The obvious limitation is that you have to control the server-side data capture yourself. It wouldn’t work with the Google Analytics’ events API or another tracking service that used image beacons.

Is there not stil a possible race condition? Couldn’t the browser navigate from the page before jQuery was able to initiate the request?

@Luke,
Because the browser will not wait for your callback to execute before it navigates to the next page. It’s a race… there’s no guarantee that your script will have time to execute.

Ben Graham

I’m losing about 20% of my events that are fired as part of an onclick event on a form post. I’ve been trying to find a way around this race condition without using setTimeout (which I feel is inelegant and will never guarantee proper completion).

Because I’m doing posts and not just redirects / anchors I don’t really want to have to screw around with callback functions. We’re a transactional ecommerce site and the amount of debugging that we’d have to do to be sure that works reliably cross-browser is daunting.

I was hoping to find a way to expose _gaq’s queue, so I could just loop and watch the queue until it’s clear. _gaq.u seems like it may be the right one, but when I check its value it’s always 0 (when debugging in Chrome, which never seems to lose the race anyway). Rob, have you found a way to expose the queue?

Daniel Harcek

Hello Ben,
I think the reason why the are not able to “expose” _gaq queue is because once GA js lib is loaded, it is not longer a queue but it’s converted to object and push becomes to be a method which immediately executes the command.

See
http://code.google.com/apis/analytics/docs/gaJS/gaJSApi_gaq.html

“This function is named push so that an array can be used in the place of _gaq before Analytics has completely loaded. While Analytics is loading, commands will be pushed/queued onto the array. When Analytics finishes loading, it replaces the array with the _gaq object and executes all the queued commands. Subsequent calls to _gaq.push resolve to this function, which executes commands as they are pushed.”

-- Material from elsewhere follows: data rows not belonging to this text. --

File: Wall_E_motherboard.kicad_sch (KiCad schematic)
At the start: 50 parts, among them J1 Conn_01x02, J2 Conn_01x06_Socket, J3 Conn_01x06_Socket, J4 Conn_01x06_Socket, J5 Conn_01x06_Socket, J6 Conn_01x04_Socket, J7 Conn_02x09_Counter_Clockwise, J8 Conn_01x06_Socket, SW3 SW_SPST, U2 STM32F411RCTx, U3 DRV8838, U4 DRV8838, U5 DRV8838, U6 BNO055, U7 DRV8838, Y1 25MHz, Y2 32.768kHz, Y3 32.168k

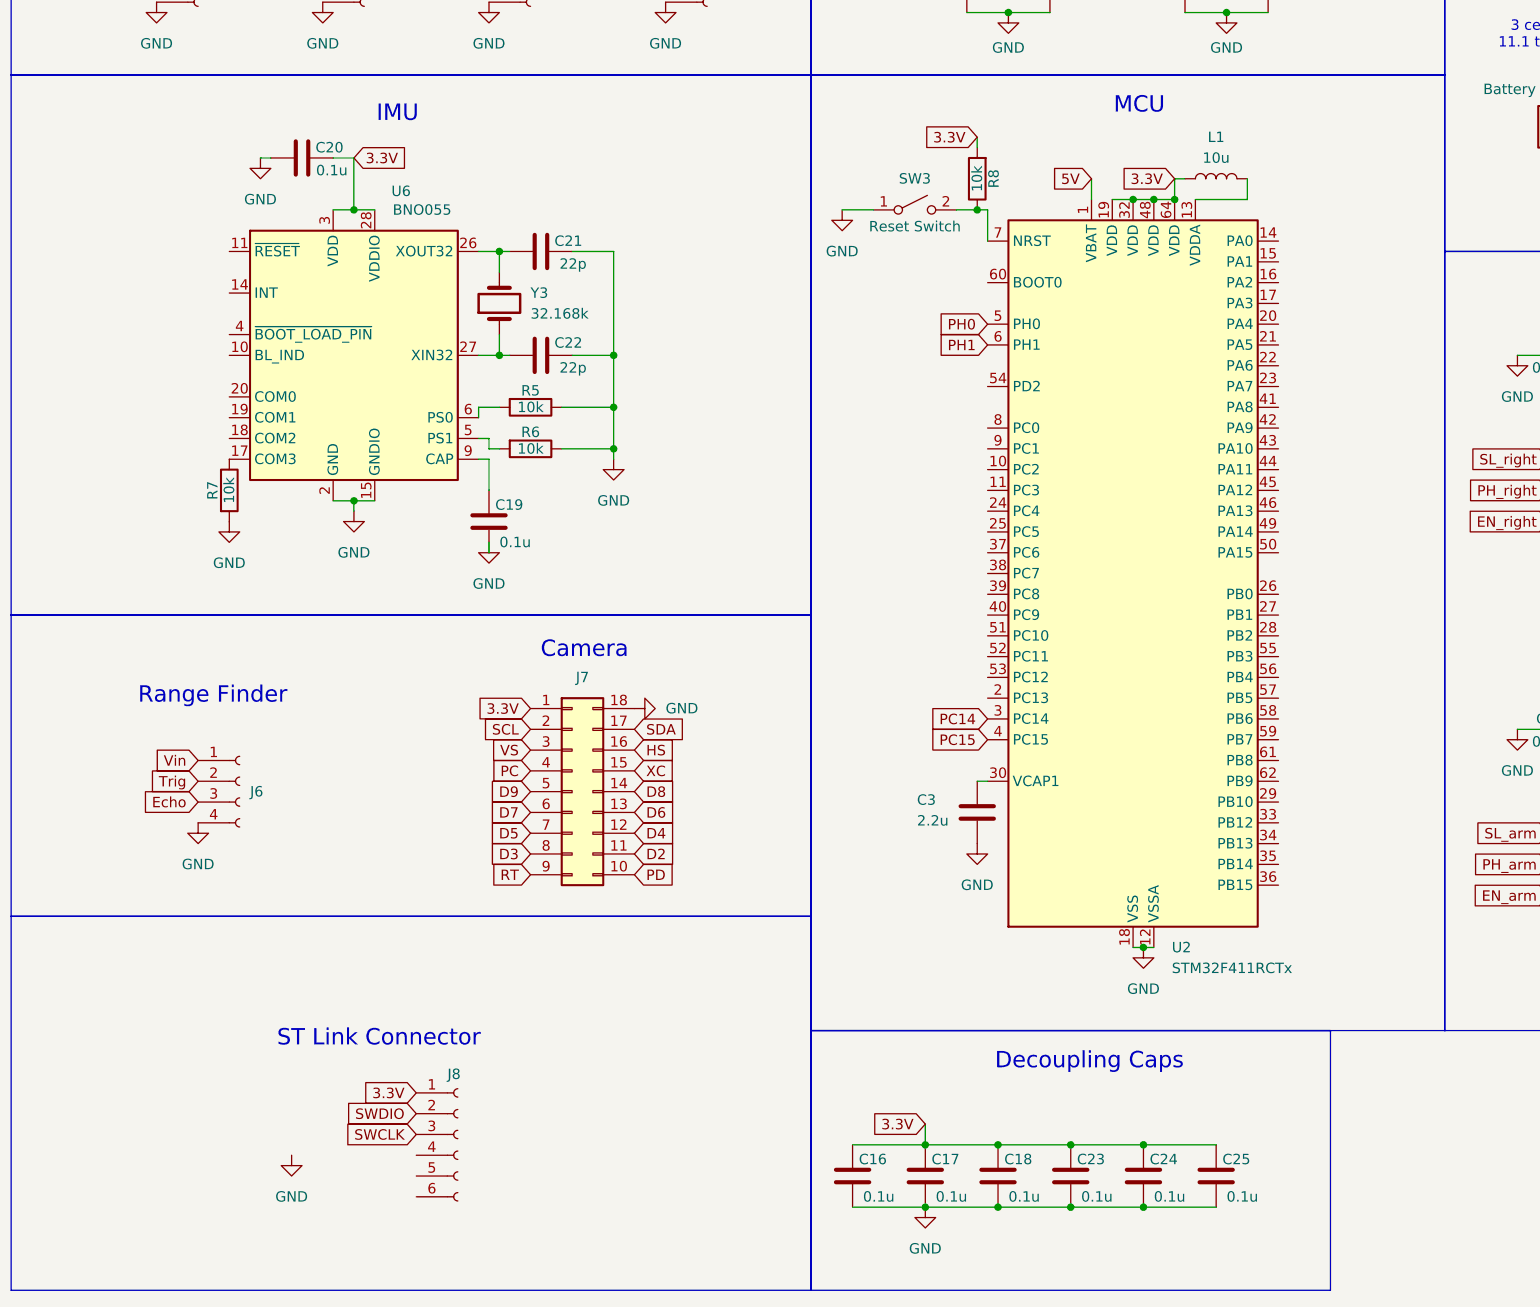
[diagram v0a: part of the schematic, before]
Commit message: Added some footprints and made some connections
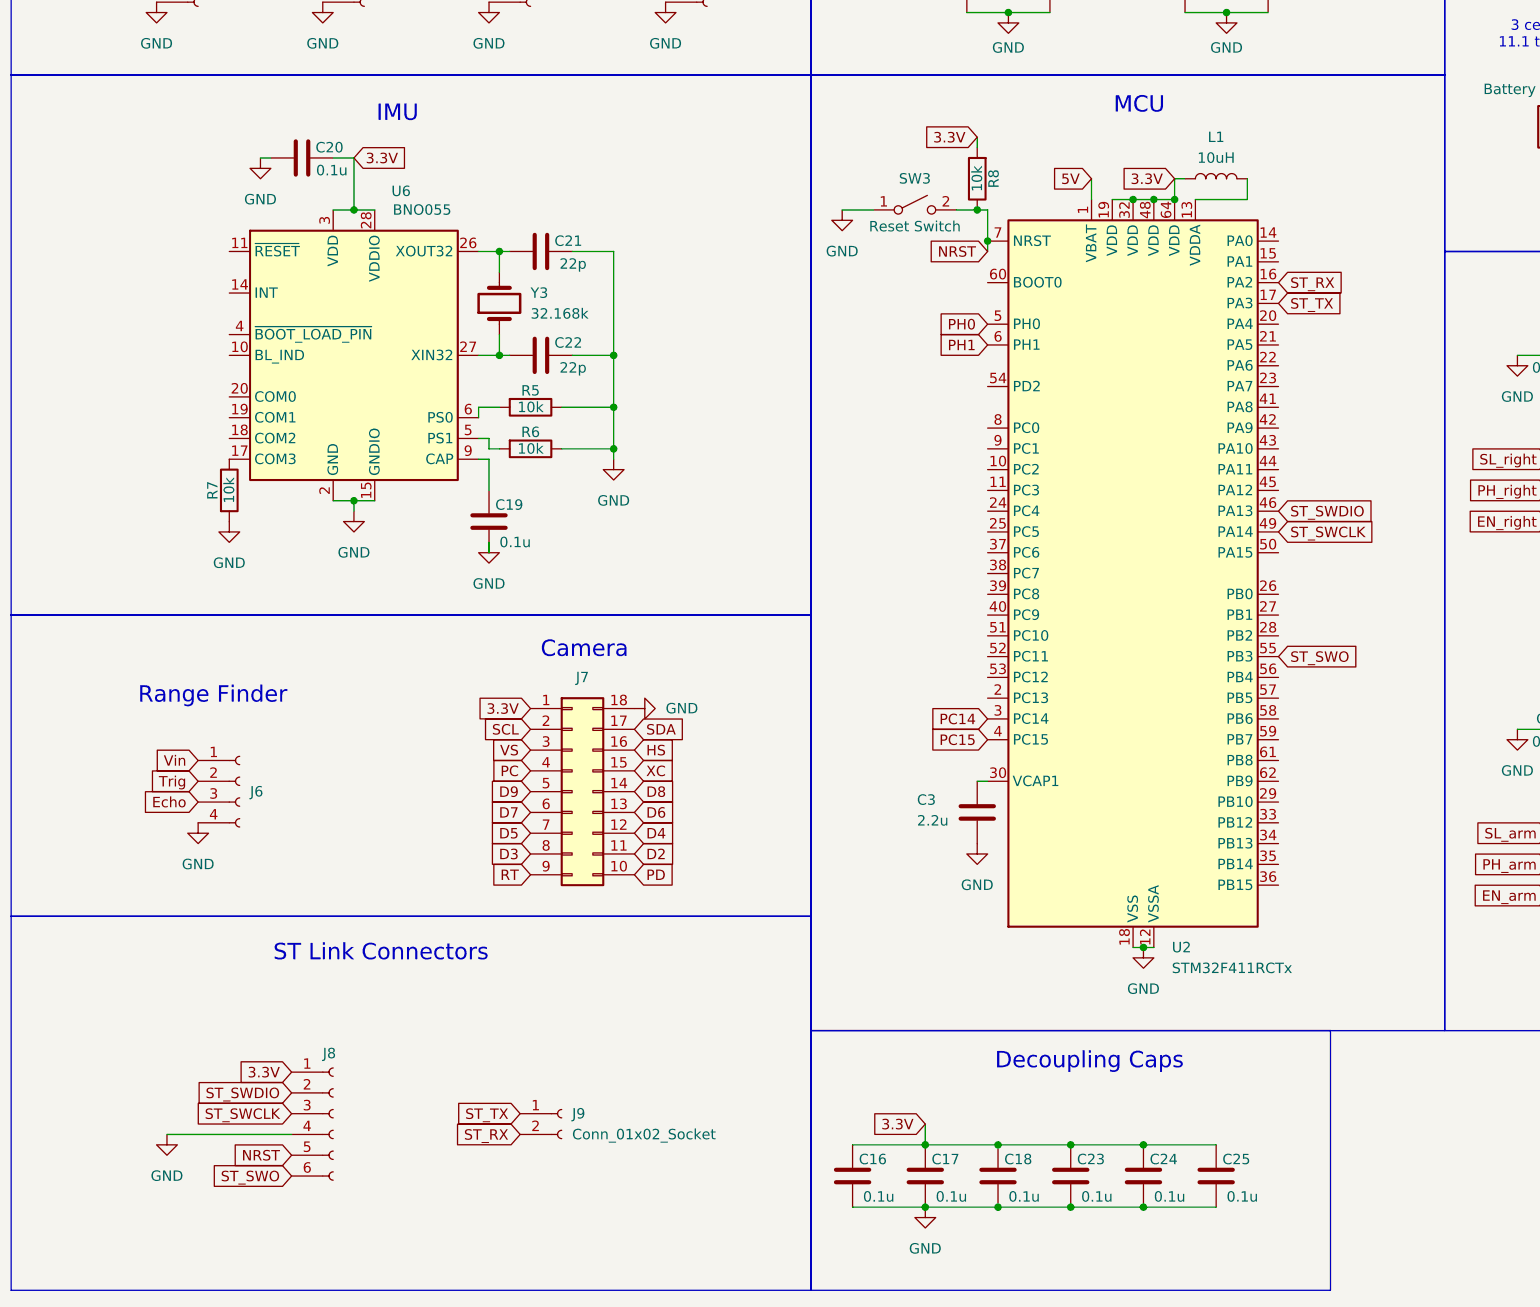
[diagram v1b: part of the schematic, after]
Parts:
- added J9: Conn_01x02_Socket, symbol Connector:Conn_01x02_Socket
- C10, C11, C12, C13, C14, C15, C16, C17, C18, C19, C20, C21, C22, C23, C24, C25, C3, C4, C5, C6, C7, C8, C9: footprint (none) -> Capacitor_SMD:C_0603_1608Metric
- D2: footprint (none) -> LED_SMD:LED_0603_1608Metric
- L1: value 10u -> 10uH
- R3, R4, R5, R6, R7, R8: footprint (none) -> Resistor_SMD:R_0603_1608Metric
- SW3: footprint (none) -> Button_Switch_THT:SW_PUSH_6mm
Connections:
- net SWCLK is gone; now on net ST_SWCLK: J8.3 (Pin_3)
- net SWDIO is gone; now on net ST_SWDIO: J8.2 (Pin_2)
- net GND: now also J8.4 (Pin_4)
- net NRST: now reaches R8.1, SW3.2 (B), U2.7 (NRST)
- net NRST: now also J8.5 (Pin_5)
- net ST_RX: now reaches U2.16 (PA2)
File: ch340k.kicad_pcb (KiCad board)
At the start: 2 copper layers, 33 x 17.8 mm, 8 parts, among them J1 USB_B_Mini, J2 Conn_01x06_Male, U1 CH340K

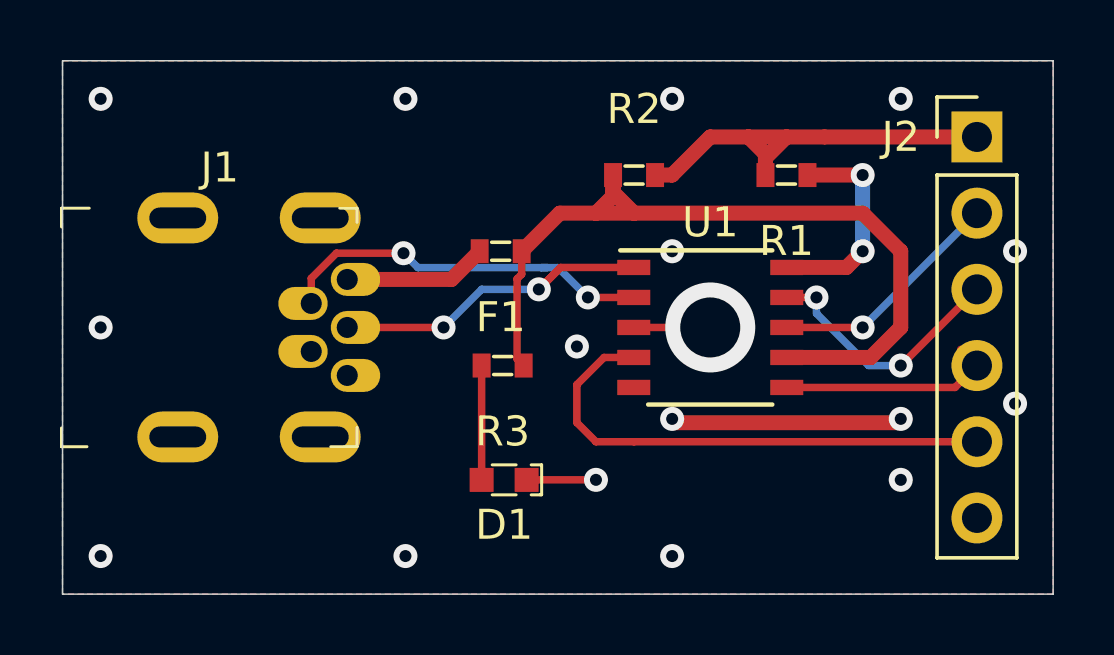
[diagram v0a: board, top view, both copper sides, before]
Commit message: M5Stamp/ESP32 Downloader prototype
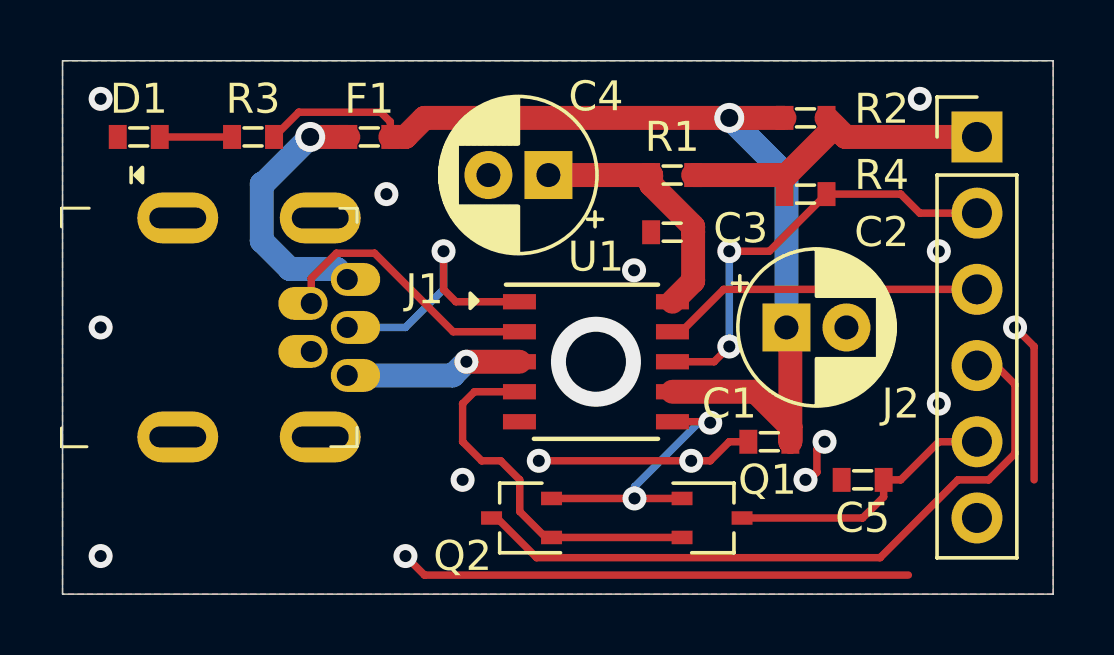
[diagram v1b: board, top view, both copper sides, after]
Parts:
- added C1: 0.1u, UserLib:0603, F.Cu at (137.9, 78.7)
- added C2: 10u, Capacitor_THT:CP_Radial_D5.0mm_P2.00mm, F.Cu at (138.4, 74.9)
- added C3: 0.1u, UserLib:0603, F.Cu at (134.6, 71.8)
- added C4: 10u, Capacitor_THT:CP_Radial_D5.0mm_P2.00mm, F.Cu at (130.5, 69.8)
- added C5: 0.1u, UserLib:0603, F.Cu at (141.0, 80.0)
- added Q1: SSM3K7002BFU, Package_TO_SOT_SMD:SOT-323_SC-70, F.Cu at (135.9, 81.3)
- added Q2: SSM3K7002BFU, Package_TO_SOT_SMD:SOT-323_SC-70, F.Cu at (129.6, 81.3)
- added R4: 2.2k, UserLib:0603, F.Cu at (139.1, 70.5)
- D1: footprint digikey-footprints:LED_2-SMD_No_Lead_1.7x0.8mm -> UserLib:0603
- F1, R1, R2: footprint digikey-footprints:0603 -> UserLib:0603
- R3: value 10k -> 1k; footprint digikey-footprints:0603 -> UserLib:0603
- moved D1 16.7 mm to (116.8, 68.6), turned to 0 degrees
- moved R3 11.3 mm to (120.7, 68.6)
- moved R2 6.02 mm to (139.1, 67.9)
- moved F1 5.81 mm to (124.5, 68.6)
- moved U1 3.98 mm to (132.1, 76.1)
- moved R1 3.81 mm to (134.6, 69.8), turned to 0 degrees
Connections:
- J1 pad 4: Net-(J1-Pad4) -> unconnected-(J1-Pad4)
- U1 pad 4: Net-(J2-Pad5) -> Net-(U1-Pad4)
- U1 pad 5: Net-(U1-Pad5) -> unconnected-(U1-Pad5)
- U1 pad 6: Net-(J2-Pad4) -> Net-(Q1-Pad1)
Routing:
- net GND: track 13.4 -> 37.2 mm
- net Net-(J2-Pad4): track 7.41 -> 23.3 mm
- net Net-(U1-Pad4): track 0.00 -> 12.3 mm
- net Net-(Q1-Pad1): track 0.00 -> 8.76 mm, vias 0 -> 2
- net Net-(J2-Pad5): track 17.1 -> 8.89 mm
- net Net-(F1-Pad1): track 27.7 -> 34.8 mm, vias 0 -> 1
- net Net-(J2-Pad2): track 7.92 -> 14.6 mm, vias 1 -> 2
- net Net-(F1-Pad2): track 4.80 -> 8.75 mm, vias 0 -> 1
- net Net-(J2-Pad1): track 14.3 -> 10.7 mm
- net Net-(J1-Pad2): track 12.7 -> 9.21 mm, vias 2 -> 0
- net Net-(J1-Pad3): track 11.3 -> 8.98 mm, vias 2 -> 1
- net Net-(J2-Pad3): track 8.64 -> 10.7 mm, vias 2 -> 0
- net Net-(D1-Pad2): track 3.81 -> 2.41 mm
- net Net-(R1-Pad1): track 7.13 -> 8.51 mm, vias 2 -> 0
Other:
- board text added: "3.3V"
- board text added: "BT"
- board text added: "CH340K"
- board text added: "EN"
- board text added: "GND"
- board text added: "JK1MLY 2022.3"
- board text added: "RXD"
- board text added: "TXD"

It could possible to read it in between the lines from Rob’s text, see “The items that you push onto the _gaq array are executed immediately and synchronously.”
Misleading might be using the word “queue”, since that is a half true – well in fact not half – most of the time you operate with it in the context of object.

Daniel,
You’re absolutely right. I’ve updated the post to clarify. Thanks for pointing it out!